# Modelling

## 1. Setup

In [1]:
import pandas as pd
import numpy as np
import seaborn as sns
import matplotlib.pyplot as plt
from summarytools import dfSummary

from env_setup import *

pd.set_option('display.max_columns', None)

In [2]:
# Load data
X_test = pd.read_csv(fr"{dataout}//{dataset}_us_test.csv")
y_test = X_test[['Churned']]
X_test.drop(columns=['Churned'], inplace=True)

X_train = pd.read_csv(fr"{dataout}//{dataset}_us_train.csv")
y_train = X_train[['Churned']]
X_train.drop(columns=['Churned'], inplace=True)

In [3]:
X_train.columns

Index(['Age', 'Income', 'Tenure', 'NumSupportCalls', 'NumComplaints',
       'Purchase', 'Refund', 'Subscription Renewal', 'Support Fee', 'Upgrade',
       'txn_mean', 'txn_count', 'Age_norm', 'Income_norm', 'Tenure_norm',
       'NumSupportCalls_norm', 'NumComplaints_norm', 'Purchase_norm',
       'Refund_norm', 'Subscription Renewal_norm', 'Support Fee_norm',
       'Upgrade_norm', 'txn_mean_norm', 'txn_count_norm', 'Gender_Female',
       'Gender_Male', 'Location_Rural', 'Location_Suburban', 'Location_Urban'],
      dtype='object')

In [4]:
# Original vs Binned columns
l_cols_num = [
    'Age', 'Income', 'Tenure', 'NumSupportCalls', 'NumComplaints',
    'Purchase', 'Refund', 'Subscription Renewal', 'Support Fee', 'Upgrade',
    'txn_mean', 'txn_count'
    ]

l_cols_cat = [
    #'Gender_Female', 
    'Gender_Male', 
    'Location_Rural', 'Location_Suburban', 
    #'Location_Urban',
    ]

l_cols_norm = [
    'Age_norm', 'Income_norm', 'Tenure_norm',
    'NumSupportCalls_norm', 'NumComplaints_norm', 'Purchase_norm',
    'Refund_norm', 'Subscription Renewal_norm', 'Support Fee_norm',
    'Upgrade_norm', 'txn_mean_norm', 'txn_count_norm'
    ]

## 2. Baseline Models

### 2.1. Logistic Regression

In [5]:
import pandas as pd
import statsmodels.api as sm 
from sklearn.metrics import classification_report, f1_score

class logistic_regression:
    def __init__(self, y_train, x_train, cols, name, y=y_test, x=X_test):
        self.name = name
        self.y_train = y_train
        self.x_train = x_train
        self.y = y_test
        self.x = X_test
        self.cols = cols
        self.model = sm.Logit(self.y_train, self.x_train[cols]).fit()

    def summary(self):
        print(self.model.summary())

    def predict(self, confusion=False):
        yhat = self.model.predict(self.x[self.cols]) 
        prediction = list(map(round, yhat))
        self.cm = classification_report(self.y, prediction)
        f1 = f1_score(self.y, prediction)
        self.f1 = f1
        print(f"{self.name}: F1 = {f1}")    
        if confusion:
            print ("Confusion Matrix : \n", self.cm)

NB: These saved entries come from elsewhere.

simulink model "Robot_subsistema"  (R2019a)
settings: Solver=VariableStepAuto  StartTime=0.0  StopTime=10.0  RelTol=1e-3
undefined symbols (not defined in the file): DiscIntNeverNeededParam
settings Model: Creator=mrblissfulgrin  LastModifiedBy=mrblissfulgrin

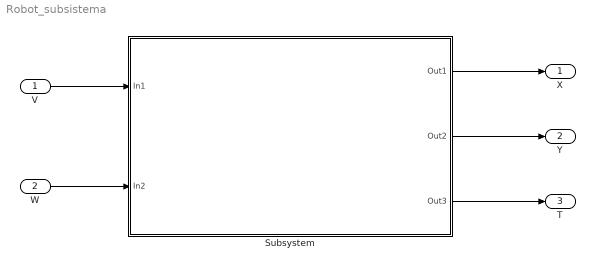
== system Robot_subsistema ==
  V : Inport
  W : Inport  Port=2
  Subsystem : Subsystem
  X : Outport
  Y : Outport  Port=2
  T : Outport  Port=3
  wires:
  V/1 -> Subsystem/1(In1)
  W/1 -> Subsystem/2(In2)
  Subsystem/1(Out1) -> X/1
  Subsystem/2(Out2) -> Y/1
  Subsystem/3(Out3) -> T/1

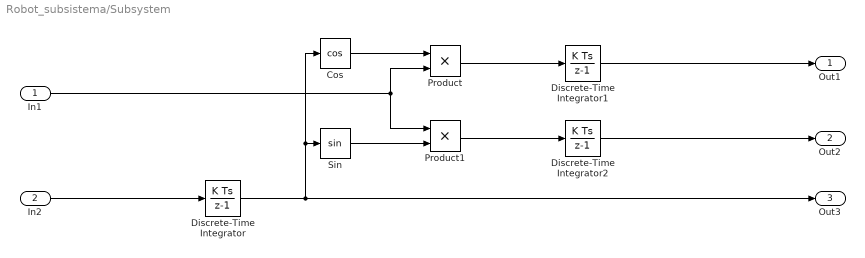
== system Robot_subsistema/Subsystem ==
  In1 : Inport
  In2 : Inport  Port=2
  Cos : Trigonometry  Operator=cos
  Discrete-Time Integrator : DiscreteIntegrator  InitialCondition=30*pi/180  SampleTime=0.01  ICPrevOutput=DiscIntNeverNeededParam  ICPrevScaledInput=DiscIntNeverNeededParam
  Discrete-Time Integrator1 : DiscreteIntegrator  SampleTime=0.01  ICPrevOutput=DiscIntNeverNeededParam  ICPrevScaledInput=DiscIntNeverNeededParam
  Discrete-Time Integrator2 : DiscreteIntegrator  SampleTime=0.01  ICPrevOutput=DiscIntNeverNeededParam  ICPrevScaledInput=DiscIntNeverNeededParam
  Product : Product
  Product1 : Product
  Sin : Trigonometry
  Out1 : Outport
  Out2 : Outport  Port=2
  Out3 : Outport  Port=3
  wires:
  Discrete-Time Integrator2/1 -> Out2/1
  Product1/1 -> Discrete-Time Integrator2/1
  Cos/1 -> Product/1
  Sin/1 -> Product1/2
  In2/1 -> Discrete-Time Integrator/1
  Discrete-Time Integrator1/1 -> Out1/1
  Product/1 -> Discrete-Time Integrator1/1
  In1/1 -> Product/2, Product1/1
  Discrete-Time Integrator/1 -> Out3/1, Sin/1, Cos/1

    def feature_selection(self):
        # Remove columns with no statistical differences
        try:
            self.cols.remove('Age')
            self.cols.remove('TransactionDate')
            self.cols.remove('NumComplaints')
        except:
            pass
        self.model = sm.Logit(self.y_train, self.x_train[self.cols]).fit()
        self.predict()
        f1 = self.f1

        for i in self.cols:
            self.cols.remove(i)
            self.model = sm.Logit(self.y_train, self.x_train[self.cols]).fit()
            print(self.cols)
            self.predict()
            new_f1 = self.f1

            if new_f1 < f1:
                self.cols.append(i)

In [6]:
ori_baseLogit_num = logistic_regression(y_train, X_train, l_cols_num+l_cols_cat, 'ori_baseLogit_num')
ori_baseLogit_num.predict()
ori_baseLogit_norm = logistic_regression(y_train, X_train, l_cols_norm+l_cols_cat, 'ori_baseLogit_norm')
ori_baseLogit_norm.predict()

Optimization terminated successfully.
         Current function value: 0.643021
         Iterations 5
ori_baseLogit_num: F1 = 0.6291994281629736
Optimization terminated successfully.
         Current function value: 0.642764
         Iterations 5
ori_baseLogit_norm: F1 = 0.6292779071850922


### 2.2. Decision Trees

In [7]:
import pandas as pd
from sklearn import tree
from sklearn.tree import DecisionTreeClassifier
from sklearn.metrics import classification_report, f1_score
from sklearn.model_selection import GridSearchCV

class decision_tree:
    def __init__(self, y_train, x_train, cols, name, y=y_test, x=X_test):
        self.name = name
        self.y_train = y_train
        self.x_train = x_train
        self.y = y_test
        self.x = X_test
        self.cols = cols
        self.model = DecisionTreeClassifier().fit(self.x_train[self.cols], self.y_train)

    def summary(self):
        tree.plot_tree(self.model, feature_names=self.cols)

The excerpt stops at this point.